Supreme Court Justice Anthony M. Kennedy once wrote regarding lawyers and pro bono service that “[l]awyers, like all those who practice a profession, have obligations to their calling which exceed their obligations to the state. Lawyers also have obligations by virtue of their special status as officers of the court. Accepting a court's request… [to work pro bono] is one of those traditional obligations." (fn15) Volunteering to serve as one of the §1983 mediators could be a unique and rewarding way to perform those “traditional obligations.” Those who volunteer for this opportunity will benefit. They will be able to meet their pro bono obligations to their community, they will get first-hand experience as mediators and they will gain more exposure to the federal court system. Most importantly, however, the volunteers will be assisting the district court in the administration of justice in Nevada. Heed the district court’s call for help and make a difference for your community.
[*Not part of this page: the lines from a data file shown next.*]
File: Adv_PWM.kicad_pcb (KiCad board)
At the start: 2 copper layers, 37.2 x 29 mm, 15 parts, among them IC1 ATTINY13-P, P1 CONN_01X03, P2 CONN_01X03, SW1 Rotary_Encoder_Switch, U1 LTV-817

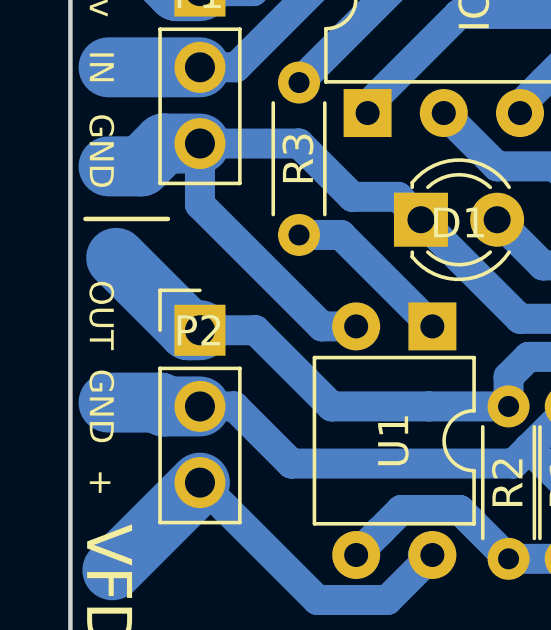
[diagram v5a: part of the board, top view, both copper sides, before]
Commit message: Rename silkscreen label
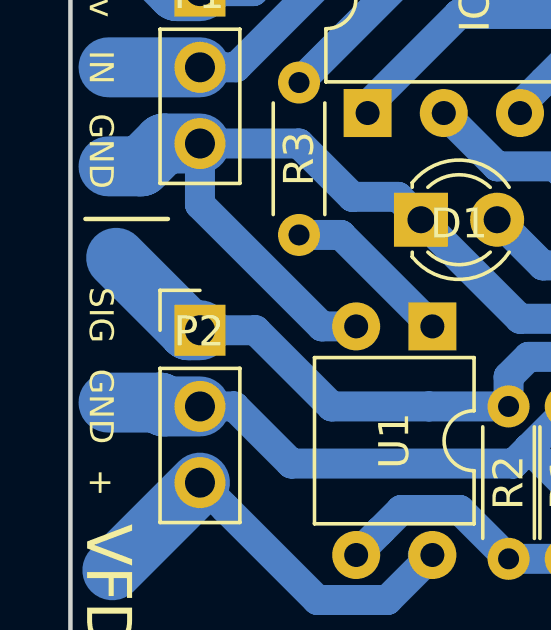
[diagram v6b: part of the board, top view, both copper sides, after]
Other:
- board text added: "SIG"
- board text removed: "OUT"
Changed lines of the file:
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@@
   (gr_line (start 142 74.25) (end 173 74.25) (layer Edge.Cuts) (width 0.15))
   (gr_line (start 179.25 103.25) (end 142 103.25) (layer Edge.Cuts) (width 0.15))
-  (gr_text OUT (at 143.016 92.202 270) (layer F.SilkS)
+  (gr_text SIG (at 143.016 92.202 270) (layer F.SilkS)
     (effects (font (size 0.8 0.8) (thickness 0.2)))
   )
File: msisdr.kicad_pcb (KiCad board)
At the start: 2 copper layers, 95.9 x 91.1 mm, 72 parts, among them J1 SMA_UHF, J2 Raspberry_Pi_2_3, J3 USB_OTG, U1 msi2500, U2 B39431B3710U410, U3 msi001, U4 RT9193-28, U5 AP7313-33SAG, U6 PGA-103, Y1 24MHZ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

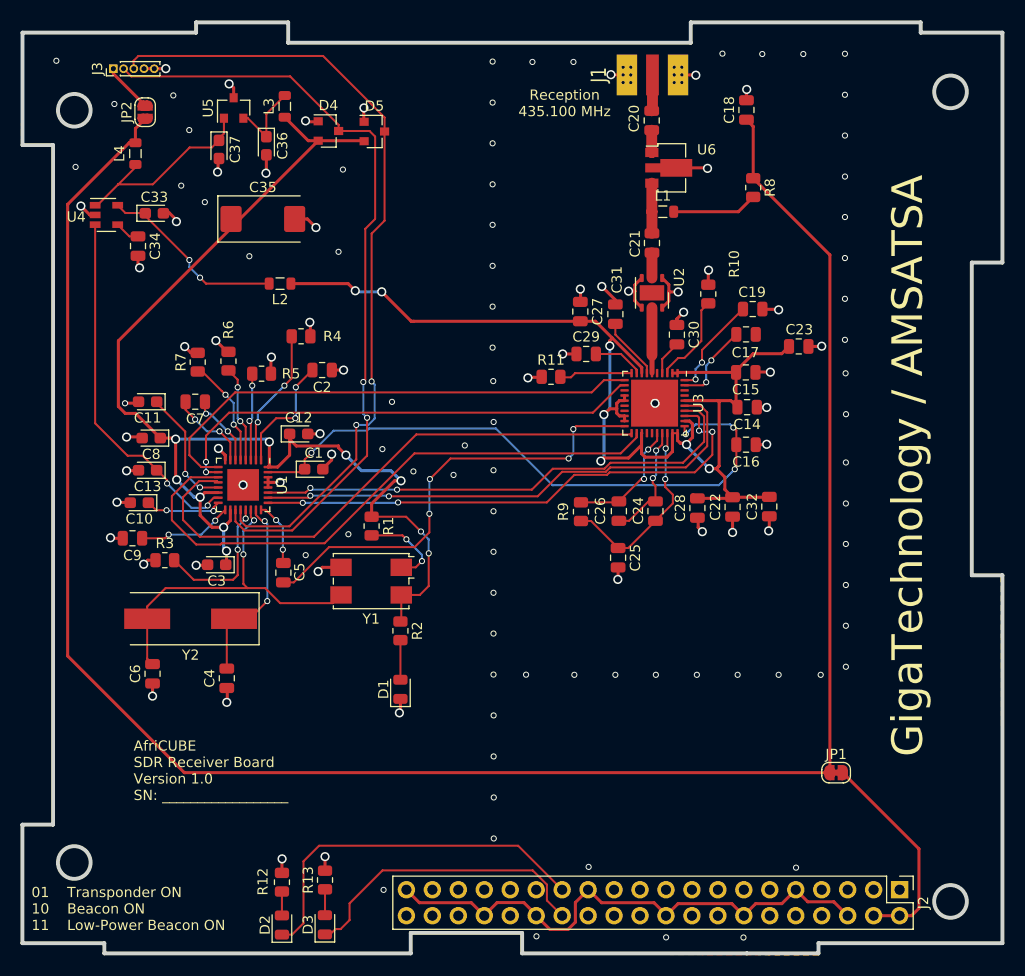
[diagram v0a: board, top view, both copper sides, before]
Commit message: adding v2 2 filter front end filter
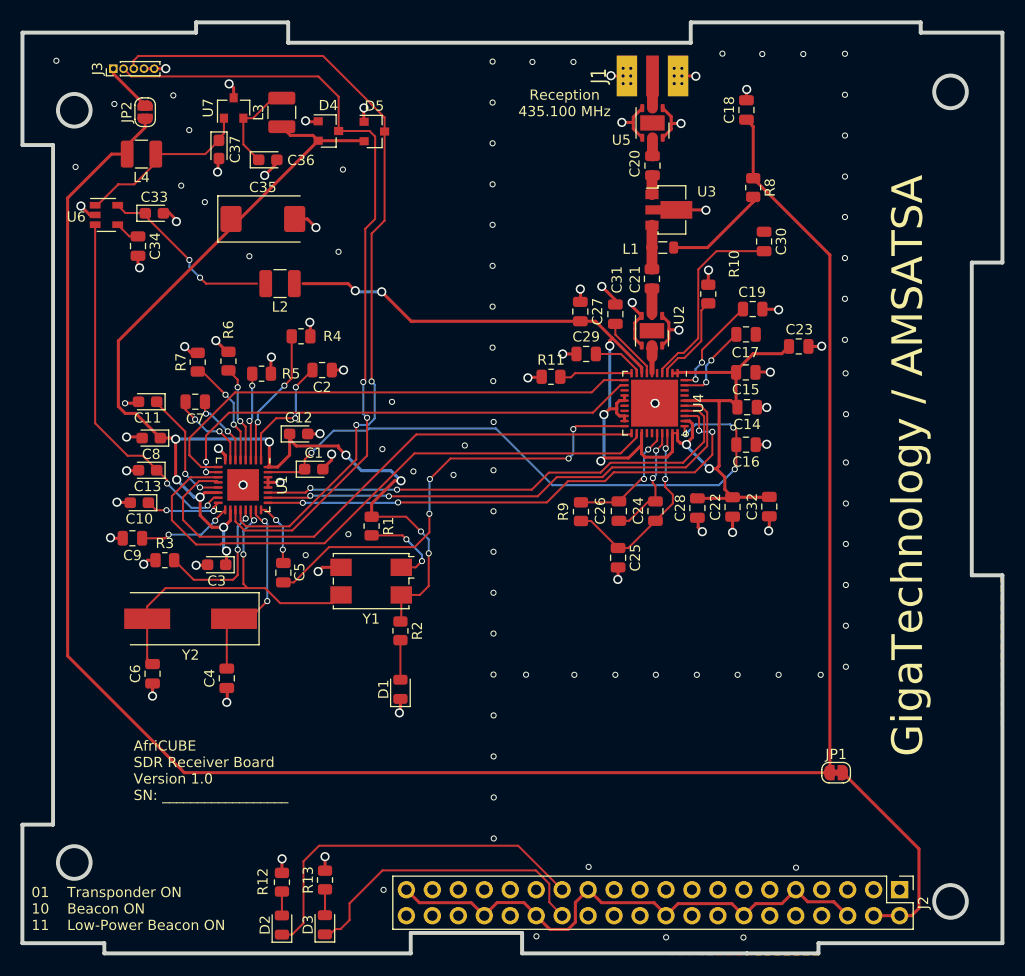
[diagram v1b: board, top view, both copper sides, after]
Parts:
- added U5: B39431B3710U410, Package_DFN_QFN:DFN-6-1EP_3x3mm_P1mm_EP1.5x2.4mm, F.Cu at (142.5, 66.5)
- L2, L3, L4: value L -> 15uH; footprint Inductor_SMD:L_0805_2012Metric -> Inductor_SMD:L_1210_3225Metric
- moved C30 12.5 mm to (153.5, 78.1)
- moved C20 4.42 mm to (142.5, 70.7)
- moved U3 4.11 mm to (144.1, 75.0)
- moved U2 3.71 mm to (142.5, 86.8)
- moved L1 3.51 mm to (143.6, 78.7)
- moved C21 3.51 mm to (142.5, 81.8)
- moved C36 1.38 mm to (104.9, 70.1), turned to 0 degrees
- moved L3 0.66 mm to (106.3, 65.5)
- moved L4 0.60 mm to (92.5, 69.5), turned to 180 degrees
- moved J1 0.10 mm to (142.5, 59.4)
- renumbered U6 to U3, U3 to U4, U4 to U6, U5 to U7
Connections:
- C20 pad 1: UHF_AMP -> Net-(C20-Pad1)
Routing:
- net Net-(C30-Pad2): track 3.41 -> 19.1 mm
- net GND: track 140.0 -> 149.1 mm, vias 127 -> 128
- net UHF_400_1000MHZ_Filter: track 6.25 -> 2.69 mm
- net Net-(C37-Pad1): track 19.7 -> 17.5 mm
- net Net-(C20-Pad1): track 0.00 -> 1.78 mm
- net Net-(L1-Pad2): track 8.67 -> 10.4 mm
- net USB_DP: track 77.0 -> 78.6 mm
- net Net-(C36-Pad1): track 7.78 -> 9.27 mm
- net VRF: track 116.7 -> 115.5 mm
- net Net-(C33-Pad1): track 18.3 -> 17.2 mm
- net Net-(C21-Pad1): track 4.91 -> 4.31 mm
- net +5V: track 202.6 -> 203.2 mm

John F. Murtha is the president and managing shareholder of Woodburn and Wedge. A member of the State Bar of Nevada since 1980, Mr. Murtha concentrates his practice on bankruptcy law and commercial litigation. Mr. Murtha currently serves as a Lawyer Representative to the Ninth Circuit Judicial Conference for the District of Nevada.
Brett Bitzer is a student at the McGeorge School of Law in Sacramento, California, and is working for Woodburn and Wedge as a summer clerk. Mr. Bitzer is a member of the McGeorge Law Review and is scheduled to graduate in May, 2009.
ProBono Footnotes
1 Black’s Law Dictionary (8th ed. 2004).
2 Judith L. Maute, Changing Conceptions of Lawyers’ Pro Bono Responsibilities: From Chance Noblesse Oblige to Stated Expectations, 77 Tul. L. Rev. 91, 97 (2002).
3 Michelle S. Jacobs, Pro Bono Work and Access to Justice for the Poor: Real Change or Imagined Change?, 48 Fla. L. Rev. 509, 512 (1996).
4 See Id. See also, e.g., Nev. Rev. Stat. § 7.285 (West 2000).
5 Barbara Jordan, Pro Bono Programs: Democracy’s Guarantor, 5 Utah B.J. 30, 30 (1992).
7 Erika Martin-Doyle, Massachusetts Rule of Professional conduct 6.1: One Small, But Needed, Step for Lawyers, an Even Smaller Step for the Commonwealth’s Poor, 9 B.U. Pub. Int. L.J. 53, 60 (1999).
9 Nevada Rules of Professional Conduct, Rule 6.1(a) (2006).
10 Nevada Rules of Professional Conduct, Rule 6.1(a) (2006).
11 See Nevada Rules of Professional Conduct, Rule 6.1 (b)(1) (2006).
12 Nevada Rules of Professional Conduct, Rule 6.1(a)(3)(ii) (2006).
13 42 U.S.C. § 1997e (a) (2006).
14 42 U.S.C. § 1997e (c)(1) (2006).
15 Mallard v. U.S. Dist. Court for Southern Dist. of Iowa, 490 U.S. 296, 310-311 (1989) (Kennedy, J., concurring).